In many interviews with officials and others in Bucharest, Budapest, Prague and Bratislava, as well as with local authorities, the dominant note was accusatory. Complaints about the Gypsies' alleged laziness, uncleanliness, dishonesty and criminality were far more common than plans to relieve their plight. The Stigma of the Stereotype
Jan Vik, 24, the parliamentary deputy of the right-wing Republican Party in the Czech Republic, said he saw the problem as one of criminality.
"We can't wait for the country to be flooded by crime," he said. "At age 3, a Gypsy will see his drunk father, his prostitute mother, and all we try to do for him will prove in vain. His parents tell him the best way of life is stealing."
Such attitudes support the view of many Roma leaders that unless serious efforts are quickly undertaken to end such stereotypes, the current violence against Gypsies -- mainly small-scale village attacks and skinhead assaults -- might expand greatly.
At best, most officials acknowledged a serious social problem, but said that in the current economic crisis, no funds were available to relieve it.
But other suggestions were less charitable. Jozef Pacai, the Mayor of Medzev, said selective killing of Gypsies was the only solution.

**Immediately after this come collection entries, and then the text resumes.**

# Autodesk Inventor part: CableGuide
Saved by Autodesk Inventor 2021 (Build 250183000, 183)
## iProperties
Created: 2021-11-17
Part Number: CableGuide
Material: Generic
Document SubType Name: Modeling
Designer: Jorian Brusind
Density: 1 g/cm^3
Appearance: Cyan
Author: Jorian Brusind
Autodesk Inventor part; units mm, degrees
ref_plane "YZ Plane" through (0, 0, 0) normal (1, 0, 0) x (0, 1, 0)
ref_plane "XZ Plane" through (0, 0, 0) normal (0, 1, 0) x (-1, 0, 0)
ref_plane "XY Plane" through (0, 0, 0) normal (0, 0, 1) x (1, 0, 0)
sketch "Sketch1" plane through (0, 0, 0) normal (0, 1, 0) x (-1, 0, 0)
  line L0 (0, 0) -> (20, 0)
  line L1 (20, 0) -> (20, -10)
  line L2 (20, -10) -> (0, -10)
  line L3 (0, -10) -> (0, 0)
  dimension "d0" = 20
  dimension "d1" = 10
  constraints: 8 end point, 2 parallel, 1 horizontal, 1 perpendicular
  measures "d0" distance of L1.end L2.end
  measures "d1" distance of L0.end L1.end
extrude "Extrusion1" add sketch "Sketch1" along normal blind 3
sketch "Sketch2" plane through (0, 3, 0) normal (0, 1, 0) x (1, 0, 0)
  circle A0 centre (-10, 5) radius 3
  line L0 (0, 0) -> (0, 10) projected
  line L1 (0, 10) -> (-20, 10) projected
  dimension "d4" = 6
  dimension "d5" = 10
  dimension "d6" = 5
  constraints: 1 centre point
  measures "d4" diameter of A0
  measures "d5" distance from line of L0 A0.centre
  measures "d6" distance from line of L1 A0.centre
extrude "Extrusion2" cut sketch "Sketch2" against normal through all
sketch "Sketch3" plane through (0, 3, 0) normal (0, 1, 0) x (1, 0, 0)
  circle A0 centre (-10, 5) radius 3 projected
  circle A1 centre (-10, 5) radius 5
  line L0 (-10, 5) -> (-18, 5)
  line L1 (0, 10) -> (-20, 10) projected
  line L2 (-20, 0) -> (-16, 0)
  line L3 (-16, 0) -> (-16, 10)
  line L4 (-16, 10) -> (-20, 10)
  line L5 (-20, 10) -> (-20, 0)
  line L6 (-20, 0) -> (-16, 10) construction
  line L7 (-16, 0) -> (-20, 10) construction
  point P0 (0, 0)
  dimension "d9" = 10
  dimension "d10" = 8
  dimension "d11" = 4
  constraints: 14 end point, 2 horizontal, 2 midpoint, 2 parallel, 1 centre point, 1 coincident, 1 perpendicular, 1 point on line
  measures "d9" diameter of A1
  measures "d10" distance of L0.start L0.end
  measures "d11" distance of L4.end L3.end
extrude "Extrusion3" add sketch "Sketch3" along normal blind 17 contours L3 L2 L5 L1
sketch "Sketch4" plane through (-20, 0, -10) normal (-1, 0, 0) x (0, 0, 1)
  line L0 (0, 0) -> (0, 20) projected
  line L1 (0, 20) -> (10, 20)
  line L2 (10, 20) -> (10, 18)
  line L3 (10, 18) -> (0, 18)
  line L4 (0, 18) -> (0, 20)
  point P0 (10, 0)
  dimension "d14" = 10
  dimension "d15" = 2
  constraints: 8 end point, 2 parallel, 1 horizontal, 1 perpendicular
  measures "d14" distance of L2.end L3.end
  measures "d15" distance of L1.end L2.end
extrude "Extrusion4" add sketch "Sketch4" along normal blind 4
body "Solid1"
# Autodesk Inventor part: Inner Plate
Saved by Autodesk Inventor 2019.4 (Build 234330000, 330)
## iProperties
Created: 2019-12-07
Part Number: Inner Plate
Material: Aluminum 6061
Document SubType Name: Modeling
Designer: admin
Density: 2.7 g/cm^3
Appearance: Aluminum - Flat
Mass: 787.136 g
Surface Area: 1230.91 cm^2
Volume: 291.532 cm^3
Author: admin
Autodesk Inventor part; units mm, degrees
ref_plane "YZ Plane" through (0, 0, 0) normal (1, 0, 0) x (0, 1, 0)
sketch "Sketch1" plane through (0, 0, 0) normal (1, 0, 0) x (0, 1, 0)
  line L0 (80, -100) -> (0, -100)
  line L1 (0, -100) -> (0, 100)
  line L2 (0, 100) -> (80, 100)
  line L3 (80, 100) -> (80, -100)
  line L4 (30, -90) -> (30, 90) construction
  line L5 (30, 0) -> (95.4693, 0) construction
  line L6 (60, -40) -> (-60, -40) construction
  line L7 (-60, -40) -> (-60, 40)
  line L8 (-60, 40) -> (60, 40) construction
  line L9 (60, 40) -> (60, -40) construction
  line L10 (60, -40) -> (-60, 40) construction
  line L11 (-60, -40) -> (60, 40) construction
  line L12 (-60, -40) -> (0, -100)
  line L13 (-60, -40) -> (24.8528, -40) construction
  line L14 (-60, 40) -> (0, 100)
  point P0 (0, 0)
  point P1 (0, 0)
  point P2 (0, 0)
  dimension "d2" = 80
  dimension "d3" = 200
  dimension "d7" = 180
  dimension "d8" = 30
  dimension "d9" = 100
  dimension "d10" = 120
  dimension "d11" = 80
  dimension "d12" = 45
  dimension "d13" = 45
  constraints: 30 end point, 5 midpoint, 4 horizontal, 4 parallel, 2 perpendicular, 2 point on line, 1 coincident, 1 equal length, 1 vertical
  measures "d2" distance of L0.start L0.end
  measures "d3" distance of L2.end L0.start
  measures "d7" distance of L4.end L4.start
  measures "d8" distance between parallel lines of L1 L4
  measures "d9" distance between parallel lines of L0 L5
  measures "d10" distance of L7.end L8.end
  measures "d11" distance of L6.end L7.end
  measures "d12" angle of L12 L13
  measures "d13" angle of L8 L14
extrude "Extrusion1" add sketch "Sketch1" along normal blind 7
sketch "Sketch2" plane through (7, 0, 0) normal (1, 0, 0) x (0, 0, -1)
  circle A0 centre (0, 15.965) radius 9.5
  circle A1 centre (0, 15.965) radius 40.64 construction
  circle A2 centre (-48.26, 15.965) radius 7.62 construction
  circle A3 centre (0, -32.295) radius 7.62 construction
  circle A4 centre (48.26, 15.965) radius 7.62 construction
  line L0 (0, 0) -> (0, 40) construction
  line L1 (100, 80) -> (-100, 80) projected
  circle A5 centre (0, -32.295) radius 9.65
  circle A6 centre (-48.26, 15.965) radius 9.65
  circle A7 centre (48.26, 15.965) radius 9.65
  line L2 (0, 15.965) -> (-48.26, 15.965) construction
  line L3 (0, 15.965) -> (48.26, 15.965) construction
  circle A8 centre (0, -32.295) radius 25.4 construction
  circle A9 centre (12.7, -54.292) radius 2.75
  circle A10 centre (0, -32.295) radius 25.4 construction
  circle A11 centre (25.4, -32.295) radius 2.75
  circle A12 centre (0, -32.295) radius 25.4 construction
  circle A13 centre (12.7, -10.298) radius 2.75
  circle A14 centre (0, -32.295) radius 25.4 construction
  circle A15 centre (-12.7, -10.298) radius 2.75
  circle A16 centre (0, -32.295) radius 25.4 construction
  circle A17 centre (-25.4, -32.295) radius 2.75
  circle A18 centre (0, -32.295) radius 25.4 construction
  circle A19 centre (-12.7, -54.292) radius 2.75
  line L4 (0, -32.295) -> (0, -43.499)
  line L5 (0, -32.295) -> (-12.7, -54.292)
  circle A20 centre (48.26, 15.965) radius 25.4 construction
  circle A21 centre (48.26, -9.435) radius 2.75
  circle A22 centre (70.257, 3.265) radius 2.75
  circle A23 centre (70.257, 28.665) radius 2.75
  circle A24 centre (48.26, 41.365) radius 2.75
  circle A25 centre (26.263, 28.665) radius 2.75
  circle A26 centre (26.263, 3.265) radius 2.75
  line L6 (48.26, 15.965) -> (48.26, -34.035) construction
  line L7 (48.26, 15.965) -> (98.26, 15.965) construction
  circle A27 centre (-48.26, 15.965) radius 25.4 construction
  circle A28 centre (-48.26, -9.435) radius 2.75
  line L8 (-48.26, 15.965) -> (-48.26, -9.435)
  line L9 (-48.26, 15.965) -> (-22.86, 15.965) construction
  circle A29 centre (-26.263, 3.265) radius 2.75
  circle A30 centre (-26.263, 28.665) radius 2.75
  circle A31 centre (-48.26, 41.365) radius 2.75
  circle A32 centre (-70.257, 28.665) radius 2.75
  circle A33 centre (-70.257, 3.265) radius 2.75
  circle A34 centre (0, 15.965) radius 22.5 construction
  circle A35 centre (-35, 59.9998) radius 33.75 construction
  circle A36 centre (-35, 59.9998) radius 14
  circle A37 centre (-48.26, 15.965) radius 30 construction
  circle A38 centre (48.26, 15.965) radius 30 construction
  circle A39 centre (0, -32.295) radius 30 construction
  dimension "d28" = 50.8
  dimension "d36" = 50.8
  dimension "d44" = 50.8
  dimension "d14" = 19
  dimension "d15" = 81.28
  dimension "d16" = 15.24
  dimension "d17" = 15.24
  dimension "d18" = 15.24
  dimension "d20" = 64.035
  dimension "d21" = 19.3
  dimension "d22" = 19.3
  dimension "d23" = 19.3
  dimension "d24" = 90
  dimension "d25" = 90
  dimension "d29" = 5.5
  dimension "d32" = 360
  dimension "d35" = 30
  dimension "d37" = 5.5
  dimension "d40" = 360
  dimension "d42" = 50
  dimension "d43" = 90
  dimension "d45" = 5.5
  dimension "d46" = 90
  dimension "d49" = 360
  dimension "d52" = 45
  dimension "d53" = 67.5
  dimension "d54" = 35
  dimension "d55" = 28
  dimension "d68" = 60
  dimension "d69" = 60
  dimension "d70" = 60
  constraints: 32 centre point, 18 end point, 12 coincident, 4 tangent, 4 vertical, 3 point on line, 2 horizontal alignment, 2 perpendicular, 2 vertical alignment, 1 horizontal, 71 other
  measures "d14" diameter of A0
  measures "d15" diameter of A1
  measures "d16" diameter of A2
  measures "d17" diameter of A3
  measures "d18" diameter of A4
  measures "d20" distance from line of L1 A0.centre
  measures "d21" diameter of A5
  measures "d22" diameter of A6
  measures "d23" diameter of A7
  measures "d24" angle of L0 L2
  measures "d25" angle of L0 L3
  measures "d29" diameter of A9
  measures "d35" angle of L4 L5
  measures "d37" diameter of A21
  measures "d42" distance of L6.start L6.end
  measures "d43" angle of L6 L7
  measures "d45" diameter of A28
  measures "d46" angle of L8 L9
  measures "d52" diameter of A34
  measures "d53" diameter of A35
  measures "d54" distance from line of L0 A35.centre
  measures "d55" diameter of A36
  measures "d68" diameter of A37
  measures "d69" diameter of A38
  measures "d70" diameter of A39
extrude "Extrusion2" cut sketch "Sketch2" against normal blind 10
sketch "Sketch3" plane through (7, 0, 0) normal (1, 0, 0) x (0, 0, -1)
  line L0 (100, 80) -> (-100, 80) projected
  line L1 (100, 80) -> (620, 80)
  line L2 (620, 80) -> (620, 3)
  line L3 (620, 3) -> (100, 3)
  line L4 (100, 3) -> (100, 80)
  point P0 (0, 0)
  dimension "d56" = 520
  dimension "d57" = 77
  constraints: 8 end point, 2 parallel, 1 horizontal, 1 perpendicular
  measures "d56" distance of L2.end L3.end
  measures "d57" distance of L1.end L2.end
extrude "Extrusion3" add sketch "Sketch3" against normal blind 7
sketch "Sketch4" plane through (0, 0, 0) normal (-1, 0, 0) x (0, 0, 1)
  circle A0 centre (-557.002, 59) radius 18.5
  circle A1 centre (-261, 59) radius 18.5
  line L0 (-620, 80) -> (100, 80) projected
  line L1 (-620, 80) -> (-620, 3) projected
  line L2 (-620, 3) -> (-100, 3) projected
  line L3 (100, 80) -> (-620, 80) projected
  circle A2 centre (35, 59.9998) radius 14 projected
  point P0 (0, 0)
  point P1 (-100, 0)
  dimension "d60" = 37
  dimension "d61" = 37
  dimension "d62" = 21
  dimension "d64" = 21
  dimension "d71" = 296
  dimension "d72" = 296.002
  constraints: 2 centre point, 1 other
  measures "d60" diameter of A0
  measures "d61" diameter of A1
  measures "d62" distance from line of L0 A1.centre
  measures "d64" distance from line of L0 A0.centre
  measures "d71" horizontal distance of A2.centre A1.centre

Prime Minister Vladimir Meciar of Slovakia said in a speech on Sept. 3 that Gypsies constituted a "socially unadaptable population" with a high birth rate of "children who are poorly adaptable mentally, poorly adaptable socially, children with serious health disorders, children, simply, who are a great burden on this society." The Anonymous Racist
In one interview, a senior counselor in Slovakia who insisted he not be named because "my words would be taken as racist," volunteered views that seem typical: "Under socialism, we said that two species were overprotected -- bears and Roma. They didn't have to work. They had many children and received a lot of welfare.
"Today, too, they get a lot. A family with two children that works hard gets as much as a Roma family with a lot of children without work. They spend it in a few days, then go back to stealing.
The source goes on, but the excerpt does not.